Scan the records below. List lines holding "dimarcsym".

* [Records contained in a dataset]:
******
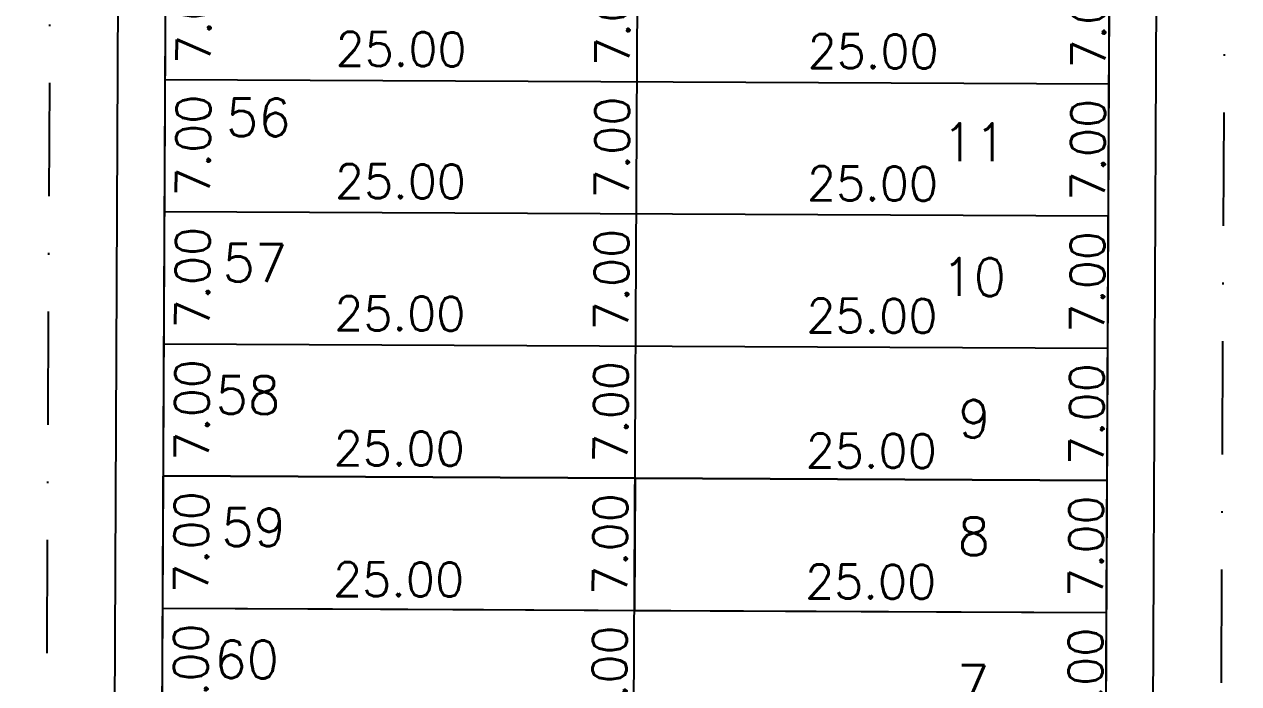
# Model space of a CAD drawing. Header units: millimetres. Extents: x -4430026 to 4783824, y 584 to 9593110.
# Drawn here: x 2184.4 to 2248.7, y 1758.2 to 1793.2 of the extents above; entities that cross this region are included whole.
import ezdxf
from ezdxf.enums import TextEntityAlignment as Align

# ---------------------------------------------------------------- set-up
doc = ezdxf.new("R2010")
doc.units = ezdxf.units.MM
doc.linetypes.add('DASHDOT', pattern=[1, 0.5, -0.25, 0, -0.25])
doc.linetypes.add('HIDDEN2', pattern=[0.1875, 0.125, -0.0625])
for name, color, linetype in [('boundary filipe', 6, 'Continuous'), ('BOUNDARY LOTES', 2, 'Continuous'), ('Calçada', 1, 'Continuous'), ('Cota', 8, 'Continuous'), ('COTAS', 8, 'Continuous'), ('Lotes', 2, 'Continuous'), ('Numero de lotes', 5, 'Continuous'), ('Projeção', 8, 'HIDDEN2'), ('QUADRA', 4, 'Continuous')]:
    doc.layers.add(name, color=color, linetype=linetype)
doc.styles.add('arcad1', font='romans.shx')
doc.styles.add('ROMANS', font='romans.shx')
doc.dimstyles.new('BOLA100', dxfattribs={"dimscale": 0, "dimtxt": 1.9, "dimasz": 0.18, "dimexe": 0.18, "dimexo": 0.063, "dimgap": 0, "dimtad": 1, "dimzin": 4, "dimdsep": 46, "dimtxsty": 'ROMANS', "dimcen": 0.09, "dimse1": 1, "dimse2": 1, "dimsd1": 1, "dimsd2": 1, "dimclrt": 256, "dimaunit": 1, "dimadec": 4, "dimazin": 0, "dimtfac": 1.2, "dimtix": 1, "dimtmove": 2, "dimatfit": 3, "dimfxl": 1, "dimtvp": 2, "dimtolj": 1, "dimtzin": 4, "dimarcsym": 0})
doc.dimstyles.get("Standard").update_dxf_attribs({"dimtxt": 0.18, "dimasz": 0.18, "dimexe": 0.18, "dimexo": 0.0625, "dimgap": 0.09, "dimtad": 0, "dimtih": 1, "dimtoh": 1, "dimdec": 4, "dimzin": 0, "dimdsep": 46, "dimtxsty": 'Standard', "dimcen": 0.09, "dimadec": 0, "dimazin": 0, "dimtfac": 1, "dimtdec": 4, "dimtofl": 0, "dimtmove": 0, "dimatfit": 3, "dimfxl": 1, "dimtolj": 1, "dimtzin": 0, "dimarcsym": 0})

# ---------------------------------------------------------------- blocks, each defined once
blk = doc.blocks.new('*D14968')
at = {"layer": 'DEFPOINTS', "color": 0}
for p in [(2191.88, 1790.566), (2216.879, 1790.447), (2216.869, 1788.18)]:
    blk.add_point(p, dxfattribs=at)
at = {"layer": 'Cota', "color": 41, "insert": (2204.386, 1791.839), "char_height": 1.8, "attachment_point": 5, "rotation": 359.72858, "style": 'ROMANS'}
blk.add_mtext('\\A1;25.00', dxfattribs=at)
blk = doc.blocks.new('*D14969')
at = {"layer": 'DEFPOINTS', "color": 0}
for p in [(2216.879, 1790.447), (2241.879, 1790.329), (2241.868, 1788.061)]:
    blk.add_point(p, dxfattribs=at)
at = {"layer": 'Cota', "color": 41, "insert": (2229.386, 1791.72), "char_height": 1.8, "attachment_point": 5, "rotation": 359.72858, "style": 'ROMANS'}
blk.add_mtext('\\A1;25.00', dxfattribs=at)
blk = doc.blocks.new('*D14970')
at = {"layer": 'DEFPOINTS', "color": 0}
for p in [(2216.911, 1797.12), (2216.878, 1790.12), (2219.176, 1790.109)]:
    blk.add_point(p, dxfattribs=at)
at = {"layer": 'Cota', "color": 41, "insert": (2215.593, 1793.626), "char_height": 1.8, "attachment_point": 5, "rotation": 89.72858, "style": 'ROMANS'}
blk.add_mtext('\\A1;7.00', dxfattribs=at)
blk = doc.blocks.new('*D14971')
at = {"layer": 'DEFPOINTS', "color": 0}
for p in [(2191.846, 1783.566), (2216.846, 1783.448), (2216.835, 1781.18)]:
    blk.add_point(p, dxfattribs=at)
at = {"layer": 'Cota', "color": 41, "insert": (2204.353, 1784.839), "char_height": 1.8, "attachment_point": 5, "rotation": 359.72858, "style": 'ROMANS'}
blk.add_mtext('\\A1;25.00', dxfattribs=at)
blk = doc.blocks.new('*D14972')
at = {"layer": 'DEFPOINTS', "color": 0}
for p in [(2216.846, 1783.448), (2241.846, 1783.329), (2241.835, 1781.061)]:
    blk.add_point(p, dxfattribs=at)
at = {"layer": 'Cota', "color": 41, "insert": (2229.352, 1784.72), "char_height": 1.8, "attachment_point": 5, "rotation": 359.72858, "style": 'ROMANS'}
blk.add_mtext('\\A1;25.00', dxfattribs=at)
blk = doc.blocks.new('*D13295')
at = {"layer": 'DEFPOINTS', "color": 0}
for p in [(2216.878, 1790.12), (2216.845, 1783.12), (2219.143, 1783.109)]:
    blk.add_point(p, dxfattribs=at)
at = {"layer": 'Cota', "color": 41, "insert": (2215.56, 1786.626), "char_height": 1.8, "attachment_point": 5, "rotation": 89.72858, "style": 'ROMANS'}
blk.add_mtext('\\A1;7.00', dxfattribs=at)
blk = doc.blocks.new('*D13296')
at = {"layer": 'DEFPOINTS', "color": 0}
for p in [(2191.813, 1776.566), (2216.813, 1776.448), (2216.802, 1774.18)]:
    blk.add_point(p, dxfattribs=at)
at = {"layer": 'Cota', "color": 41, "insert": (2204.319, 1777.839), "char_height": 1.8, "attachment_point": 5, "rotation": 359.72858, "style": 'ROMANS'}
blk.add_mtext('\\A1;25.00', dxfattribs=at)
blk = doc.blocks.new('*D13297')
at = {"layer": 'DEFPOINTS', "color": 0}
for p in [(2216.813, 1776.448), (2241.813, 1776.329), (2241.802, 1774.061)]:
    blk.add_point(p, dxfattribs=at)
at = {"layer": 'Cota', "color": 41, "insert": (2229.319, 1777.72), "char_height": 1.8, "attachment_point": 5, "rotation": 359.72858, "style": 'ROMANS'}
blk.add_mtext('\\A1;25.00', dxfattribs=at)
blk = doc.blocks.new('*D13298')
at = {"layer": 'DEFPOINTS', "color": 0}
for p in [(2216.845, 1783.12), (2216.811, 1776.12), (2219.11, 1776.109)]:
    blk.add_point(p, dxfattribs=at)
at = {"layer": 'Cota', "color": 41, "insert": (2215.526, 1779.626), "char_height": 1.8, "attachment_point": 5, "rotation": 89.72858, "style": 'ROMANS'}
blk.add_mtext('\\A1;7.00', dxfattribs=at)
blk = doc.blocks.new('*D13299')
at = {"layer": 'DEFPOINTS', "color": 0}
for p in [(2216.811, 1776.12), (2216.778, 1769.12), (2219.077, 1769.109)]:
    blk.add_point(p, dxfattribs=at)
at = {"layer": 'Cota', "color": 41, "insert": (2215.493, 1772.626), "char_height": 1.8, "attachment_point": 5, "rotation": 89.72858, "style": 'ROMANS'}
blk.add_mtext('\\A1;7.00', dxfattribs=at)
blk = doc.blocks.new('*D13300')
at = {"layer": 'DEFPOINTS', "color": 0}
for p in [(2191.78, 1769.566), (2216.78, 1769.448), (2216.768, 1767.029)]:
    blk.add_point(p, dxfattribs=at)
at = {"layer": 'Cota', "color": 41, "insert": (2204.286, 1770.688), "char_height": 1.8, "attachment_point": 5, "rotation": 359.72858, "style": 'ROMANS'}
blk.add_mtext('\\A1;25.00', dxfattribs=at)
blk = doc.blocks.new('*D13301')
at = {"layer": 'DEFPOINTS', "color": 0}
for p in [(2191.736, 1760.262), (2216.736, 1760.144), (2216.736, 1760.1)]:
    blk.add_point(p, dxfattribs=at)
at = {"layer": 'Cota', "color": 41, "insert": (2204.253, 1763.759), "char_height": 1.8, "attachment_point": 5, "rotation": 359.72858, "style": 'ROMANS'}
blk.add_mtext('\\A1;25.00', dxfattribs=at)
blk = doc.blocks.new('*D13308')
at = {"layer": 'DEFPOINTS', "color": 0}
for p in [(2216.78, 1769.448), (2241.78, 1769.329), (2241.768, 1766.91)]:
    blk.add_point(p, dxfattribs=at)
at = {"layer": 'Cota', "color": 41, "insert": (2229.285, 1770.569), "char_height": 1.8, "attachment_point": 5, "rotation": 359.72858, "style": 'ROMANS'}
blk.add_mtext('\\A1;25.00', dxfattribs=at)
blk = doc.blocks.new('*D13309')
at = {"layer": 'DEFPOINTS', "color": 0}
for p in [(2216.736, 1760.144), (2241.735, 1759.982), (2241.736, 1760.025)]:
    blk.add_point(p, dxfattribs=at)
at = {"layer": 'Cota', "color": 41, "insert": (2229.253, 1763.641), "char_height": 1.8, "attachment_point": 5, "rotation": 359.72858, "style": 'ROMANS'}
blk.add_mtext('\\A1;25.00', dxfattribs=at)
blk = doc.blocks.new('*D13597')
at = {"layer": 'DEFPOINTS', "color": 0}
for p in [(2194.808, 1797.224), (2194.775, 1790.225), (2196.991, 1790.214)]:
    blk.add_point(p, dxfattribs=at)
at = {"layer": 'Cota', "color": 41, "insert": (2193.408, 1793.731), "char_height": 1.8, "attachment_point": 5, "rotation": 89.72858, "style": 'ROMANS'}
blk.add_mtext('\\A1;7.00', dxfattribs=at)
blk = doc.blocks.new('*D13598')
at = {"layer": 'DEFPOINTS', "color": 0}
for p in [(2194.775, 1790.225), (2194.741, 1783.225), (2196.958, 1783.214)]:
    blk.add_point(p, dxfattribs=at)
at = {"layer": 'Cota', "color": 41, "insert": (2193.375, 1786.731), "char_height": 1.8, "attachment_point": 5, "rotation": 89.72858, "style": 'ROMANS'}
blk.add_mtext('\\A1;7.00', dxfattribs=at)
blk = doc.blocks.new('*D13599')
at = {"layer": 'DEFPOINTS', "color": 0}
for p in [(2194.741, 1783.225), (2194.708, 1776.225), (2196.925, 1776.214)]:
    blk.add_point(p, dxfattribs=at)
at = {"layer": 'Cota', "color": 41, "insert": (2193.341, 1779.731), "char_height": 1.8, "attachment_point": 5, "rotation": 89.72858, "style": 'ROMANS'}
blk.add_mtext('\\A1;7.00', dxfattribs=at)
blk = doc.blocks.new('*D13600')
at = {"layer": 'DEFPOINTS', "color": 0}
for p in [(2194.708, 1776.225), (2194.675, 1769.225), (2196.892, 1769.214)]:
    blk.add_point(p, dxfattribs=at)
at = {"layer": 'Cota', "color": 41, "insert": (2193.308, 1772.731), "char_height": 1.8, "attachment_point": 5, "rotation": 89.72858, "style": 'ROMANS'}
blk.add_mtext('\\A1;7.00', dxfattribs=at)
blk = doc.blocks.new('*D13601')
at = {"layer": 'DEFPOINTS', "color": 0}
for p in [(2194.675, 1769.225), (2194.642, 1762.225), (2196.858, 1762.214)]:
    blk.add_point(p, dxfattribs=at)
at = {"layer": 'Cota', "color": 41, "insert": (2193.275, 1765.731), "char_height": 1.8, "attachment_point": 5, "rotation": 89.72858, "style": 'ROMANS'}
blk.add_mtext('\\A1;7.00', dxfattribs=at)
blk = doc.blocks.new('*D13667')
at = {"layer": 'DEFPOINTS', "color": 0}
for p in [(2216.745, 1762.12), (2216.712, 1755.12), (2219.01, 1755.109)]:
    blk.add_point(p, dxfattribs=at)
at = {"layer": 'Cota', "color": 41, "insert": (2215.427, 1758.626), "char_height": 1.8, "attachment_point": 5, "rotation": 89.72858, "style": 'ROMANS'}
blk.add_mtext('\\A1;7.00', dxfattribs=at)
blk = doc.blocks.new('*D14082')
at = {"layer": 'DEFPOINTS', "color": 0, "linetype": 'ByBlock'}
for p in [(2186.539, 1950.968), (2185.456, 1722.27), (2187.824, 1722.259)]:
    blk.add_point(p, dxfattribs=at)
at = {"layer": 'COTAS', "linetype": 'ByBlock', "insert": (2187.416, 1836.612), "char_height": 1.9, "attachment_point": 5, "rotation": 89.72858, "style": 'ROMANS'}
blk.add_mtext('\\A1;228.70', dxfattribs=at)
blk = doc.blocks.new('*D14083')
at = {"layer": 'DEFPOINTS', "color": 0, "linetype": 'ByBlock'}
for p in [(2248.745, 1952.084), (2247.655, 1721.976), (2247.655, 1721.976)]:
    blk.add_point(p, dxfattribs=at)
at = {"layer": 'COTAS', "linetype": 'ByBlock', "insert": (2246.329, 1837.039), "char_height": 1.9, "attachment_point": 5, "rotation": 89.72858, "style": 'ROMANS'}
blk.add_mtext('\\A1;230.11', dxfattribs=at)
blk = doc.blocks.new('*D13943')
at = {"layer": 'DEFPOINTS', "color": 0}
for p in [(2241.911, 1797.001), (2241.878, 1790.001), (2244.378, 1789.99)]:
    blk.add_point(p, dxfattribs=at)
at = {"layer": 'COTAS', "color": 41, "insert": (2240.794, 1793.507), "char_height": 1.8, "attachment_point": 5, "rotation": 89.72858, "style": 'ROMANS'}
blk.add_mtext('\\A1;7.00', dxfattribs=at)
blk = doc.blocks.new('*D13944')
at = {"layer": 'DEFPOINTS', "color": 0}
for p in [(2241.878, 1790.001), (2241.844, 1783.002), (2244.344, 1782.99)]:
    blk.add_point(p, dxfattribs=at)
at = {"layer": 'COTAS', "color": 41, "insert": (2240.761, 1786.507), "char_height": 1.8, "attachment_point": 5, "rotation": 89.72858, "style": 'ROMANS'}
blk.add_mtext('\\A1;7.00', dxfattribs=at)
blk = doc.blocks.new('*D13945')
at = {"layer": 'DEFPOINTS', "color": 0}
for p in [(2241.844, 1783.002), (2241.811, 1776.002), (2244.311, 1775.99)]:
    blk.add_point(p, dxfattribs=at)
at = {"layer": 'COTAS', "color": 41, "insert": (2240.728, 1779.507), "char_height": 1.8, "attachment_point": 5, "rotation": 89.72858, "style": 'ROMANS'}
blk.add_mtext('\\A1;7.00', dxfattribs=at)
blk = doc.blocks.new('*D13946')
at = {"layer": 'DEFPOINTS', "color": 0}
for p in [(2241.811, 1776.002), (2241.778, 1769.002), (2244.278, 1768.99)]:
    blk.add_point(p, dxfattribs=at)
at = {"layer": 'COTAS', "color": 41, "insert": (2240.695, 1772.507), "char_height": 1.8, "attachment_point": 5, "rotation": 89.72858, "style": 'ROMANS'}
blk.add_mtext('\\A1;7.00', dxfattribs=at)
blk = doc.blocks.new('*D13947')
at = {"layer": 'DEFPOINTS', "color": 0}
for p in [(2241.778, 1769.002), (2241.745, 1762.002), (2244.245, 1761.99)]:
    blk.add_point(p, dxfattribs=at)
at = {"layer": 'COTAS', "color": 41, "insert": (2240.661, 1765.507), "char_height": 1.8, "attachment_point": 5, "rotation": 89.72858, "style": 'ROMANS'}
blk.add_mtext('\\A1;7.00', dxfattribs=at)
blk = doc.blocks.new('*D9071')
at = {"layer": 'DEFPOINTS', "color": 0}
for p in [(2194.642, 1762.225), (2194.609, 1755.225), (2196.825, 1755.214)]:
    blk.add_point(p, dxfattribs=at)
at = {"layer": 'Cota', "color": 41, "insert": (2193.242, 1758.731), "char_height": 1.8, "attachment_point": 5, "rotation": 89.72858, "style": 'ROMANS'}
******
* [Result for this task]:
doc.dimstyles.new('BOLA100', dxfattribs={"dimscale": 0, "dimtxt": 1.9, "dimasz": 0.18, "dimexe": 0.18, "dimexo": 0.063, "dimgap": 0, "dimtad": 1, "dimzin": 4, "dimdsep": 46, "dimtxsty": 'ROMANS', "dimcen": 0.09, "dimse1": 1, "dimse2": 1, "dimsd1": 1, "dimsd2": 1, "dimclrt": 256, "dimaunit": 1, "dimadec": 4, "dimazin": 0, "dimtfac": 1.2, "dimtix": 1, "dimtmove": 2, "dimatfit": 3, "dimfxl": 1, "dimtvp": 2, "dimtolj": 1, "dimtzin": 4, "dimarcsym": 0})
doc.dimstyles.get("Standard").update_dxf_attribs({"dimtxt": 0.18, "dimasz": 0.18, "dimexe": 0.18, "dimexo": 0.0625, "dimgap": 0.09, "dimtad": 0, "dimtih": 1, "dimtoh": 1, "dimdec": 4, "dimzin": 0, "dimdsep": 46, "dimtxsty": 'Standard', "dimcen": 0.09, "dimadec": 0, "dimazin": 0, "dimtfac": 1, "dimtdec": 4, "dimtofl": 0, "dimtmove": 0, "dimatfit": 3, "dimfxl": 1, "dimtolj": 1, "dimtzin": 0, "dimarcsym": 0})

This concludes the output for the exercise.